• Work to be completed:
Any picture must be dropped, but each line of the data should be duplicated exactly.

(Items from a dataset)
>>>>
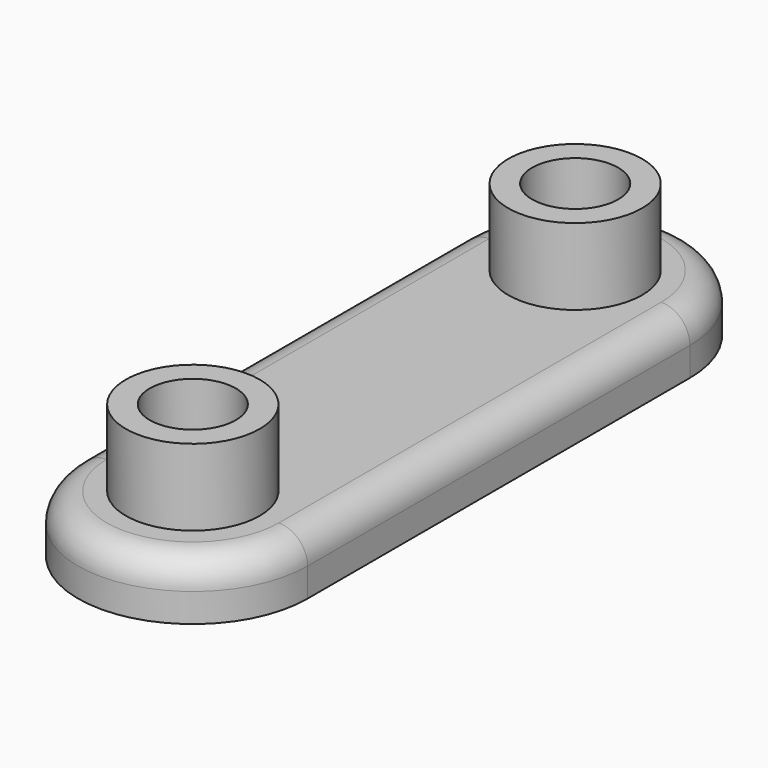
from build123d import *

# Parameters (mm, degrees)
F1_DEPTH       = 3
F2_R           = 3.5
F3_DEPTH       = 4
F5_D           = 4.5
F5_CSINK_D     = 9
F5_CSINK_ANGLE = 90
F6_R           = 1.5


# Not quite as in the source:
# - a feature names something its author has since deleted; it is built from what else it names


with BuildPart() as f1:
    # F0 (on Top) → F1 (new body)
    with BuildSketch(Plane.XY):
        with BuildLine():
            ThreePointArc((6, 12.5), (0, 18.5), (-6, 12.5))
            Line((-6, 12.5), (-6, -12.5))
            ThreePointArc((-6, -12.5), (0, -18.5), (6, -12.5))
            Line((6, -12.5), (6, 12.5))
        make_face()
    extrude(amount=F1_DEPTH)

    # F2 (on face) → F3 (join)
    with BuildSketch(Plane.XY.offset(3)):
        with Locations((0, -12.5)):
            Circle(F2_R)
        with Locations((0, 12.5)):
            Circle(F2_R)
    extrude(amount=F3_DEPTH)

    # F5 (through all)
    with Locations(Plane(origin=(0, 0, 0), x_dir=(1, 0, 0), z_dir=(0, 0, -1))):
        with Locations((0, 12.5), (0, -12.5)):
            CounterSinkHole(F5_D / 2, F5_CSINK_D / 2, counter_sink_angle=F5_CSINK_ANGLE)

    # F6
    f6_edges = [f1.edges().sort_by_distance(p)[0] for p in [
        (-6, 0, 3),
    ]]
    fillet(f6_edges, radius=F6_R)


solid = f1.part
<<<<
• Answer:
from build123d import *

# Parameters (mm, degrees)
F1_DEPTH       = 3
F2_R           = 3.5
F3_DEPTH       = 4
F5_D           = 4.5
F5_CSINK_D     = 9
F5_CSINK_ANGLE = 90
F6_R           = 1.5


# Not quite as in the source:
# - a feature names something its author has since deleted; it is built from what else it names


with BuildPart() as f1:
    # F0 (on Top) → F1 (new body)
    with BuildSketch(Plane.XY):
        with BuildLine():
            ThreePointArc((6, 12.5), (0, 18.5), (-6, 12.5))
            Line((-6, 12.5), (-6, -12.5))
            ThreePointArc((-6, -12.5), (0, -18.5), (6, -12.5))
            Line((6, -12.5), (6, 12.5))
        make_face()
    extrude(amount=F1_DEPTH)

    # F2 (on face) → F3 (join)
    with BuildSketch(Plane.XY.offset(3)):
        with Locations((0, -12.5)):
            Circle(F2_R)
        with Locations((0, 12.5)):
            Circle(F2_R)
    extrude(amount=F3_DEPTH)

    # F5 (through all)
    with Locations(Plane(origin=(0, 0, 0), x_dir=(1, 0, 0), z_dir=(0, 0, -1))):
        with Locations((0, 12.5), (0, -12.5)):
            CounterSinkHole(F5_D / 2, F5_CSINK_D / 2, counter_sink_angle=F5_CSINK_ANGLE)

    # F6
    f6_edges = [f1.edges().sort_by_distance(p)[0] for p in [
        (-6, 0, 3),
    ]]
    fillet(f6_edges, radius=F6_R)


solid = f1.part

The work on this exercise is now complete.